From Klismos to Plastic Chair: A Natural History

by Witold Rybczynski illustrated by Witold Rybczysnki

Pub Date: Aug. 23rd, 2016
ISBN: 978-0-374-22321-2
Publisher: Farrar, Straus and Giroux

The acclaimed popularizer and purveyor of all things architectural scrutinizes a “tool for sitting.”

A man of boundless curiosity, Rybczynski (Emeritus, Architecture/Univ. of Pennsylvania; Mysteries of the Mall: And Other Essays, 2015, etc.) turns his roving eye to something found in every home: the common yet paradoxical chair, which “endures, even as it never ceases to change.” But this isn’t a mere design history; it’s also a “chronicle of human behavior.” The author is fascinated with chairs because they “address both physiology and fashion.” They try to balance artistry, status, gravity, construction, and comfort.

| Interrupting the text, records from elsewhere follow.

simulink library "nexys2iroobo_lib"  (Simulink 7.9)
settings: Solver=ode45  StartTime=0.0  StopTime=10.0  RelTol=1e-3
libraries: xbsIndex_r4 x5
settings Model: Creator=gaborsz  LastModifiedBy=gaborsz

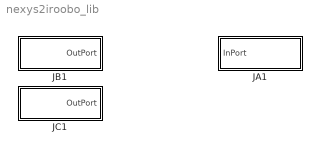
== system nexys2iroobo_lib ==
  JA1 : Subsystem  mask(Non-Memory-Mapped Output Port){show_out=off}
      mask prompts: show_out "Provide Output Double"
      mask help:
      | Port Name: "JA1"
      | Port Type: 8-bit Vector
      mask init:
      | [bg,fg] = xlcmap('IO',0);
      | iPos = get_param(gcb,'Position');
      | iWidth=iPos(3)-iPos(1);
      | iHeight=iPos(4)-iPos(2);
      | [logoX, logoY] = xlogo(iPos);
      | if (show_out)
      |     old = find_system(gcb, 'LookUnderMasks', 'all', 'Name', 'Terminator');
      |     if (length(old) > 0)
      |         replace_block(gcb, 'Name', 'Terminator', 'OutPort', 'noprompt');
      |         set_param([gcb '/Terminator'], 'Name', 'OutPort');
      |     end
      |     portdir = 'output';
      |     portstr = 'dbl';
      | else
      |     old = find_system(gcb, 'LookUnderMasks', 'all', 'name', 'OutPort');
      |     if (length(old) > 0)
      |         replace_block(gcb, 'Name', 'OutPort', 'Terminator', 'noprompt');
      |         set_param([gcb '/OutPort'], 'Name', 'Terminator');
      |     end
      |     portdir = 'input';
      |     portstr = '';
      | end
      settings: CopyFcn=set_param(gcb,'LinkStatus','inactive');
      mask Display:
      | patch([0 iWidth iWidth 0],[0 0 iHeight iHeight] , bg);
      | patch(logoX,logoY, fg);
      | plot([0 0 iWidth iWidth 0], [0 iHeight iHeight 0 0]);
      | port_label(portdir,1,portstr);
      | port_label('input',1,'JA1');
      | text(iWidth-10,5,'nmm');
  JB1 : Subsystem  mask(Non-Memory-Mapped Input Port){signed=off, bpt=0, show_in=off, c=0}
      mask prompts: signed "Signed  (2's comp)"; bpt "Binary Point"; show_in "Provide Input Double"; c "Constant for Simulation"
      mask help:
      | Port Name: "JB1"
      | Port Type: 8-bit Vector
      mask init:
      | [bg,fg] = xlcmap('IO',0);
      | iPos = get_param(gcb,'Position');
      | iWidth=iPos(3)-iPos(1);
      | iHeight=iPos(4)-iPos(2);
      | [logoX, logoY] = xlogo(iPos);
      | if (signed)
      |     set_param([gcb '/JB1'],'arith_type','Signed  (2''s comp)');
      | else
      |     set_param([gcb '/JB1'],'arith_type','Unsigned');
      | end
      | if (show_in)
      |     old = find_system(gcb, 'LookUnderMasks', 'all', 'Name', 'Constant');
      |     if (length(old) > 0)
      |         replace_block(gcb, 'Name', 'Constant', 'InPort', 'noprompt');
      |         set_param([gcb '/Constant'], 'Name', 'InPort');
      |     end
      |     portdir = 'input';
      |     portstr = 'dbl';
      | else
      |     old = find_system(gcb, 'LookUnderMasks', 'all', 'Name', 'InPort');
      |     if (length(old) > 0)
      |         replace_block(gcb, 'Name', 'InPort', 'Constant', 'noprompt');
      |         set_param([gcb '/InPort'], 'Name', 'Constant');
      |         set_param([gcb '/Constant'], 'Value', 'c');
      |     end
      |     portdir = 'output';
      |     portstr = '';
      | end
      settings: CopyFcn=set_param(gcb,'LinkStatus','inactive');
      mask CallbackString:
      | ||mask_vis = get_param(gcb, 'MaskVisibilities');
      | if (strcmp(get_param(gcb, 'show_in'),'on'))
      |     mask_vis(4) = {'off'};
      | else
      |     mask_vis(4) = {'on'};
      | end
      | set_param(gcb, 'MaskVisibilities', mask_vis);
      | |
      mask Display:
      | patch([0 iWidth iWidth 0],[0 0 iHeight iHeight] , bg);
      | patch(logoX,logoY, fg);
      | plot([0 0 iWidth iWidth 0], [0 iHeight iHeight 0 0]);
      | port_label(portdir,1,portstr);
      | port_label('output',1,'JB1');
      | text(2,5,'nmm');
  JC1 : Subsystem  mask(Non-Memory-Mapped Input Port){signed=off, bpt=0, show_in=off, c=0}
      mask prompts: signed "Signed  (2's comp)"; bpt "Binary Point"; show_in "Provide Input Double"; c "Constant for Simulation"
      mask help:
      | Port Name: "JC1"
      | Port Type: 8-bit Vector
      mask init:
      | [bg,fg] = xlcmap('IO',0);
      | iPos = get_param(gcb,'Position');
      | iWidth=iPos(3)-iPos(1);
      | iHeight=iPos(4)-iPos(2);
      | [logoX, logoY] = xlogo(iPos);
      | if (signed)
      |     set_param([gcb '/JC1'],'arith_type','Signed  (2''s comp)');
      | else
      |     set_param([gcb '/JC1'],'arith_type','Unsigned');
      | end
      | if (show_in)
      |     old = find_system(gcb, 'LookUnderMasks', 'all', 'Name', 'Constant');
      |     if (length(old) > 0)
      |         replace_block(gcb, 'Name', 'Constant', 'InPort', 'noprompt');
      |         set_param([gcb '/Constant'], 'Name', 'InPort');
      |     end
      |     portdir = 'input';
      |     portstr = 'dbl';
      | else
      |     old = find_system(gcb, 'LookUnderMasks', 'all', 'Name', 'InPort');
      |     if (length(old) > 0)
      |         replace_block(gcb, 'Name', 'InPort', 'Constant', 'noprompt');
      |         set_param([gcb '/InPort'], 'Name', 'Constant');
      |         set_param([gcb '/Constant'], 'Value', 'c');
      |     end
      |     portdir = 'output';
      |     portstr = '';
      | end
      settings: CopyFcn=set_param(gcb,'LinkStatus','inactive');
      mask CallbackString:
      | ||mask_vis = get_param(gcb, 'MaskVisibilities');
      | if (strcmp(get_param(gcb, 'show_in'),'on'))
      |     mask_vis(4) = {'off'};
      | else
      |     mask_vis(4) = {'on'};
      | end
      | set_param(gcb, 'MaskVisibilities', mask_vis);
      | |
      mask Display:
      | patch([0 iWidth iWidth 0],[0 0 iHeight iHeight] , bg);
      | patch(logoX,logoY, fg);
      | plot([0 0 iWidth iWidth 0], [0 iHeight iHeight 0 0]);
      | port_label(portdir,1,portstr);
      | port_label('output',1,'JC1');
      | text(2,5,'nmm');

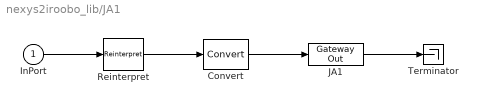
== system nexys2iroobo_lib/JA1 ==
  InPort : Inport
  Convert : xbsIndex_r4/Convert  gui_display_data_type=Fixed-point  arith_type=Unsigned  n_bits=8  bin_pt=0  float_type=Single  exp_bits=8  fraction_bits=24  quantization=Truncate  overflow=Wrap  en=off  latency=0  dbl_ovrd=off  pipeline=off  block_type=convert
  JA1 : xbsIndex_r4/Gateway Out  inherit_from_input=off  hdl_port=on  timing_constraint=None  locs_specified=on  LOCs={'M16','M14','L16','K13','M15','L17','K12','L15'}  UseAsDAC=off  DACChannel='1'  block_type=gatewayout
      settings: sginterface={'Xilinx'=>{'jtaghwcosim'=>{'non_memory_mapped_port'=>'JA1'}}}
  Reinterpret : xbsIndex_r4/Reinterpret  force_arith_type=off  arith_type=Unsigned  force_bin_pt=off  bin_pt=0  block_type=reinterpret
  Terminator : Terminator
  wires:
  InPort/1 -> Reinterpret/1
  Reinterpret/1 -> Convert/1
  Convert/1 -> JA1/1
  JA1/1 -> Terminator/1

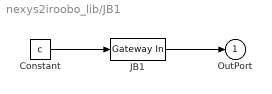
== system nexys2iroobo_lib/JB1 ==
  Constant : Constant  Value=c
  JB1 : xbsIndex_r4/Gateway In  gui_display_data_type=Fixed-point  arith_type=Unsigned  n_bits=8  bin_pt=max(0,min(bpt,8))  preci_type=Single  exp_width=8  frac_width=24  quantization="Round  (unbiased: +/- Inf)"  overflow=Saturate  period=1  dbl_ovrd=off  timing_constraint=None  locs_specified=on  LOCs={'U18','T18','R16','P17','T17','R15','R18','M13'}  UseAsADC=off  ADCChannel='1'  inherit_from_input=off  hdl_port=on  block_type=gatewayin
      settings: sginterface={'Xilinx'=>{'jtaghwcosim'=>{'non_memory_mapped_port'=>'JB1'}}}
  OutPort : Outport
  wires:
  Constant/1 -> JB1/1
  JB1/1 -> OutPort/1

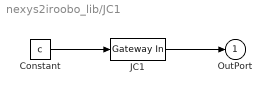
== system nexys2iroobo_lib/JC1 ==
  Constant : Constant  Value=c
  JC1 : xbsIndex_r4/Gateway In  gui_display_data_type=Fixed-point  arith_type=Unsigned  n_bits=8  bin_pt=max(0,min(bpt,8))  preci_type=Single  exp_width=8  frac_width=24  quantization="Round  (unbiased: +/- Inf)"  overflow=Saturate  period=1  dbl_ovrd=off  timing_constraint=None  locs_specified=on  LOCs={'J12','G16','F14','H15','H16','G13','J16','G15'}  UseAsADC=off  ADCChannel='1'  inherit_from_input=off  hdl_port=on  block_type=gatewayin
      settings: sginterface={'Xilinx'=>{'jtaghwcosim'=>{'non_memory_mapped_port'=>'JC1'}}}
  OutPort : Outport
  wires:
  Constant/1 -> JC1/1
  JC1/1 -> OutPort/1

As he notes, chairs “are inanimate objects, but they speak to us.” Rybczynski is particularly taken by the ancient Greek klismos chair, “considered by many to be the most graceful chair ever made.” It was a beautifully proportioned chair for everyday use, a “sitting tool distilled to its essence….It’s perfect.” Accompanying the description is one of the author’s delicate, hand-drawn illustrations, which appear throughout the book. His succinct discussion of why the ancient Chinese switched from sitting on the floor to chairs is marvelous. The “quintessential” American chair, the rocker, probably appeared in the early 1700s. By the 1820s, it was a “national fad.” The “Henry Ford of chairs” is the “landmark figure” Michael Thonet. Not only did he invent a new technique for making chairs in the 19th century, he also created a way to mass-produce them. The Adirondack chair emerged in 1903, while the fold-up aluminum chair popped up in 1947 at the same time as the “stately” BarcaLounger. In the 1940s and ’50s, the Eames brothers’ shell chairs were the rage. Now, “the most common chair on the planet” is the “furniture equivalent of rubber flip-flops.” It’s the plastic, monobloc chair, which has literally littered our planet.

Rybczynski is totally engaging in this smoothly flowing, sharp, witty narrative—another winner from a top-notch writer on design.